A inquietude que sentia ao desconhecer os segredos do mundo o fazia se lançar em empreitadas como a atual, a qual apesar de não aprovada pelo Imperador, foi levada a cabo, pois alguma coisa na alma do homem dizia que algo não andava bem com o mundo além das areias andarilhas dos desertos. Algo que escapava de sua percepção e pesquisa. Para sanar a questão Almir seguiu até as bordas do mundo em busca das lendárias cidades do ocidente. Cidades perdidas no pó da história. Lugares além-mar celebrados em tomos centenários como moradas de demônios, djins e ghouls.
 
O sábio idoso fumava seu narguilé de jade enquanto divagava sobre medos obscuros na alcova forrada por finas tapeçarias com imagens intricadas de batalhas míticas. O recinto era a materialização da suntuosidade do império, estantes do mais negro ébano se curvavam ante o peso de tratados científicos finamente encadernados.
 
 O vizir foi arrancado do vale de incertezas e teorias o qual seu pensamento vislumbrava quando batidas na porta ecoaram acompanhadas de uma voz rouca e máscula pelo quarto.

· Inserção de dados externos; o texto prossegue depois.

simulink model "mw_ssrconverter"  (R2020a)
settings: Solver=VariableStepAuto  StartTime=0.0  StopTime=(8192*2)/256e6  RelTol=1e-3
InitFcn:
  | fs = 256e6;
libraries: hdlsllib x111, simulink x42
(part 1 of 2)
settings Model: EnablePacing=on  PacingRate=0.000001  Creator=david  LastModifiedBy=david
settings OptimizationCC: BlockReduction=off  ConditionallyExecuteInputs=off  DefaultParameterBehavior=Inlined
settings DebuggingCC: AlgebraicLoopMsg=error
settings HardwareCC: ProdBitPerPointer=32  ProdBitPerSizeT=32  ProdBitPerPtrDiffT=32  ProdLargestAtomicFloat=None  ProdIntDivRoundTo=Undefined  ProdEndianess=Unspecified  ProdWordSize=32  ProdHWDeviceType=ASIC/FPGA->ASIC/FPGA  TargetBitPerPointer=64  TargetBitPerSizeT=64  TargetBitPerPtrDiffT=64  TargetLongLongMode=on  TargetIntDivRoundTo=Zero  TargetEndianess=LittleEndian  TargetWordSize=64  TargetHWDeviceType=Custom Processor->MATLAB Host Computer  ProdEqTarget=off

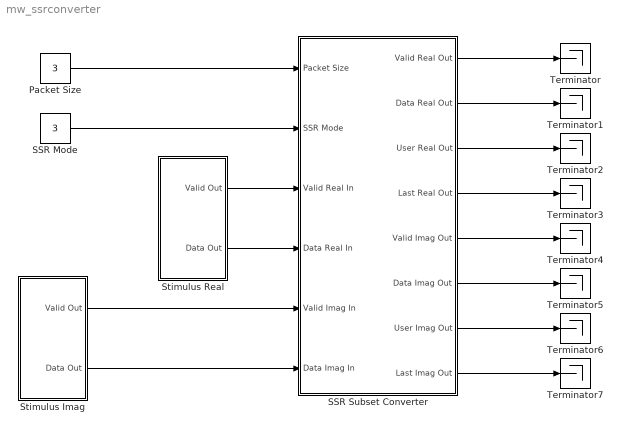
== system mw_ssrconverter ==
  Packet Size : Constant  Value=3  OutDataTypeStr=uint32  SampleTime=-1
  SSR Mode : Constant  Value=3  OutDataTypeStr=uint32  SampleTime=-1
  SSR Subset Converter : Subsystem  TreatAsAtomicUnit=on
  Stimulus Imag : Subsystem
  Stimulus Real : Subsystem
  Terminator{,1..7} (8 alike) : Terminator
  wires:
  Packet Size/1 -> SSR Subset Converter/1(Packet Size)
  SSR Mode/1 -> SSR Subset Converter/2(SSR Mode)
  Stimulus Real/1(Valid Out) -> SSR Subset Converter/3(Valid Real In)
  Stimulus Real/2(Data Out) -> SSR Subset Converter/4(Data Real In)
  SSR Subset Converter/1(Valid Real Out) -> Terminator/1
  SSR Subset Converter/2(Data Real Out) -> Terminator1/1
  SSR Subset Converter/3(User Real Out) -> Terminator2/1
  SSR Subset Converter/4(Last Real Out) -> Terminator3/1
  Stimulus Imag/1(Valid Out) -> SSR Subset Converter/5(Valid Imag In)
  Stimulus Imag/2(Data Out) -> SSR Subset Converter/6(Data Imag In)
  SSR Subset Converter/8(Last Imag Out) -> Terminator7/1
  SSR Subset Converter/7(User Imag Out) -> Terminator6/1
  SSR Subset Converter/6(Data Imag Out) -> Terminator5/1
  SSR Subset Converter/5(Valid Imag Out) -> Terminator4/1

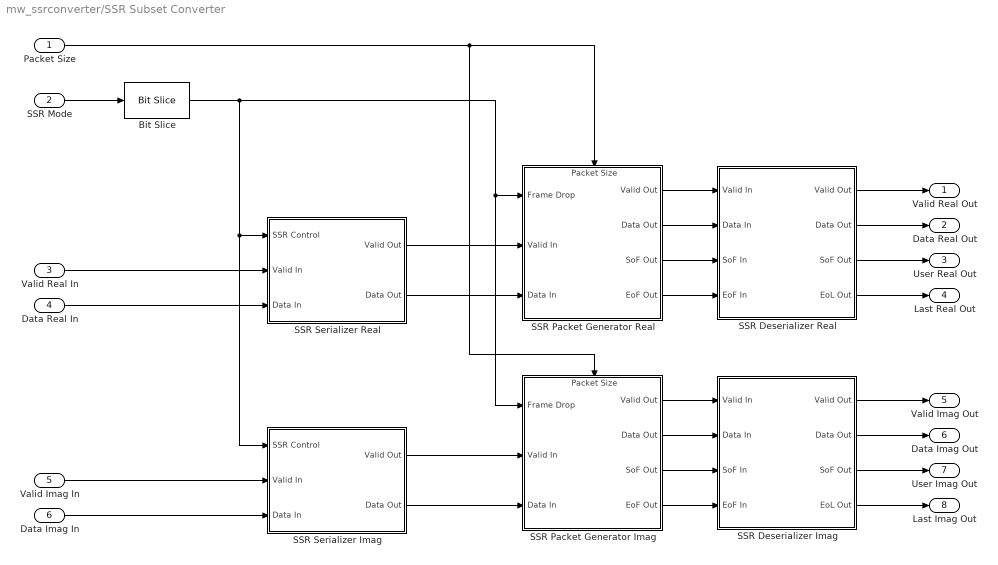
== system mw_ssrconverter/SSR Subset Converter ==
  Packet Size : Inport
  SSR Mode : Inport  Port=2
  Valid Real In : Inport  Port=3
  Data Real In : Inport  Port=4
  Valid Imag In : Inport  Port=5
  Data Imag In : Inport  Port=6
  Bit Slice : hdlsllib/Logic and Bit Operations/Bit Slice  lidx=3  ridx=0
      settings: SourceProductBaseCode=SL
  SSR Deserializer Imag : Subsystem
  SSR Deserializer Real : Subsystem
  SSR Packet Generator Imag : Subsystem
      settings: PortSchema="{\"entries\":[{\"content\":{\"sides\":[{\"content\":{\"connectorIds\":[\"In1\",\"In2\",\"In3\"]},\"type\":\"ConnectorPlacement.EquallySpacedRectSide\",\"uuid\":\"a59bbe9b-b017-421a-b59e-ccf8f0be8c6c\"},{\"content\":{\"connectorIds\":[\"Out1\",\"Out2\",\"Out3\",\"Out4\"],\"side\":\"RIGHT\"},\"type\":\"ConnectorPlacement.EquallySpacedRectSide\",\"uuid\":\"db28a192-666b-40ba-a3e6-dc552d532719\"},{\"content\":{\"connectorIds\":[\"In4\"],\"side\":\"TOP\"},\"type\":\"ConnectorPlacement.EquallySpacedRectSide\",\"uuid\":\"3e188adb-8196-4c2d-ad94-9c10f40ece47\"}]},\"type\":\"ConnectorPlacement.EquallySpacedConnector\",\"uuid\":\"a5800336-434d-4feb-8784-3c17a141dc8c\"}],\"packageUris\":[\"http://schema.mathworks.com/mf0/Connector/19700101\"],\"version\":\"1.0\"}"
  SSR Packet Generator Real : Subsystem
      settings: PortSchema="{\"entries\":[{\"content\":{\"sides\":[{\"content\":{\"connectorIds\":[\"In1\",\"In2\",\"In3\"]},\"type\":\"ConnectorPlacement.EquallySpacedRectSide\",\"uuid\":\"a59bbe9b-b017-421a-b59e-ccf8f0be8c6c\"},{\"content\":{\"connectorIds\":[\"Out1\",\"Out2\",\"Out3\",\"Out4\"],\"side\":\"RIGHT\"},\"type\":\"ConnectorPlacement.EquallySpacedRectSide\",\"uuid\":\"db28a192-666b-40ba-a3e6-dc552d532719\"},{\"content\":{\"connectorIds\":[\"In4\"],\"side\":\"TOP\"},\"type\":\"ConnectorPlacement.EquallySpacedRectSide\",\"uuid\":\"3e188adb-8196-4c2d-ad94-9c10f40ece47\"}]},\"type\":\"ConnectorPlacement.EquallySpacedConnector\",\"uuid\":\"a5800336-434d-4feb-8784-3c17a141dc8c\"}],\"packageUris\":[\"http://schema.mathworks.com/mf0/Connector/19700101\"],\"version\":\"1.0\"}"
  SSR Serializer Imag : Subsystem
  SSR Serializer Real : Subsystem
  Valid Real Out : Outport
  Data Real Out : Outport  Port=2
  User Real Out : Outport  Port=3
  Last Real Out : Outport  Port=4
  Valid Imag Out : Outport  Port=5
  Data Imag Out : Outport  Port=6
  User Imag Out : Outport  Port=7
  Last Imag Out : Outport  Port=8
  wires:
  Data Real In/1 -> SSR Serializer Real/3(Data In)
  SSR Serializer Real/2(Data Out) -> SSR Packet Generator Real/3(Data In)
  SSR Packet Generator Real/4(EoF Out) -> SSR Deserializer Real/4(EoF In)
  SSR Serializer Real/1(Valid Out) -> SSR Packet Generator Real/2(Valid In)
  SSR Deserializer Real/3(SoF Out) -> User Real Out/1
  Bit Slice/1 -> SSR Serializer Imag/1(SSR Control), SSR Serializer Real/1(SSR Control), SSR Packet Generator Imag/1(Frame Drop), SSR Packet Generator Real/1(Frame Drop)
  SSR Packet Generator Real/1(Valid Out) -> SSR Deserializer Real/1(Valid In)
  Valid Real In/1 -> SSR Serializer Real/2(Valid In)
  SSR Packet Generator Real/3(SoF Out) -> SSR Deserializer Real/3(SoF In)
  SSR Packet Generator Real/2(Data Out) -> SSR Deserializer Real/2(Data In)
  SSR Deserializer Real/2(Data Out) -> Data Real Out/1
  SSR Mode/1 -> Bit Slice/1
  SSR Deserializer Real/1(Valid Out) -> Valid Real Out/1
  SSR Deserializer Real/4(EoL Out) -> Last Real Out/1
  Packet Size/1 -> SSR Packet Generator Imag/4(Packet Size), SSR Packet Generator Real/4(Packet Size)
  Valid Imag In/1 -> SSR Serializer Imag/2(Valid In)
  Data Imag In/1 -> SSR Serializer Imag/3(Data In)
  SSR Serializer Imag/1(Valid Out) -> SSR Packet Generator Imag/2(Valid In)
  SSR Serializer Imag/2(Data Out) -> SSR Packet Generator Imag/3(Data In)
  SSR Deserializer Imag/4(EoL Out) -> Last Imag Out/1
  SSR Deserializer Imag/1(Valid Out) -> Valid Imag Out/1
  SSR Deserializer Imag/2(Data Out) -> Data Imag Out/1
  SSR Deserializer Imag/3(SoF Out) -> User Imag Out/1
  SSR Packet Generator Imag/1(Valid Out) -> SSR Deserializer Imag/1(Valid In)
  SSR Packet Generator Imag/2(Data Out) -> SSR Deserializer Imag/2(Data In)
  SSR Packet Generator Imag/3(SoF Out) -> SSR Deserializer Imag/3(SoF In)
  SSR Packet Generator Imag/4(EoF Out) -> SSR Deserializer Imag/4(EoF In)

== system mw_ssrconverter/Stimulus Imag ==
  Constant : Constant  OutDataTypeStr=boolean  SampleTime=1/fs
  Data Type Conversion : DataTypeConversion  OutDataTypeStr=fixdt(0,16,0)
  HDL Counter : hdlsllib/Sources/HDL Counter  CountType=Count limited  CountInit=0  CountStep=8  CountMax=4095  CountFromType=Initial value  CountFrom=0  CountResetPort=off  CountLoadPort=off  CountEnbPort=off  CountDirPort=off  CountDataType=Unsigned  CountWordLen=12  CountFracLen=0  CountSampTime=-1
  HDL Counter1 : hdlsllib/Sources/HDL Counter  CountType=Count limited  CountInit=1  CountStep=8  CountMax=4095  CountFromType=Initial value  CountFrom=1  CountResetPort=off  CountLoadPort=off  CountEnbPort=off  CountDirPort=off  CountDataType=Unsigned  CountWordLen=12  CountFracLen=0  CountSampTime=-1
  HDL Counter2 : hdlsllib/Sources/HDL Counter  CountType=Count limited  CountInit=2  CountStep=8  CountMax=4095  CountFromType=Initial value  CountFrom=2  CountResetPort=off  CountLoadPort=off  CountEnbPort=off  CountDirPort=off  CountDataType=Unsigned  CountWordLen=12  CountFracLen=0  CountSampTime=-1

- Meu senhor, o erudito Gabriel roga por uma entrevista.

Deixando de lado o intrincado cachimbo, o vizir se aprumou.

- Deixa-o entrar Mohamed e que mais ninguém o siga.

As portas rangeram ao se moverem nas dobradiças de bronze permitindo a entrada de um rapaz de compleição frágil, madeixas da cor do trigo, pele alva, voz suave e trajando roupas modestas, a verdadeira antítese do homem deitado com sua pele azeviche, barba espessa e com salpicos de prata.

- Que Jesus o abençoe, Excelência. Espero que estejas bem.

O idoso sorriu ante o cumprimento. Um sorriso reprovador.

- Estou bem Gabriel e pelo que posso constatar a mania de professar sua fé aos servos de Alá ainda não o abandonou. O rapaz meio encabulado tentou expor sua visão.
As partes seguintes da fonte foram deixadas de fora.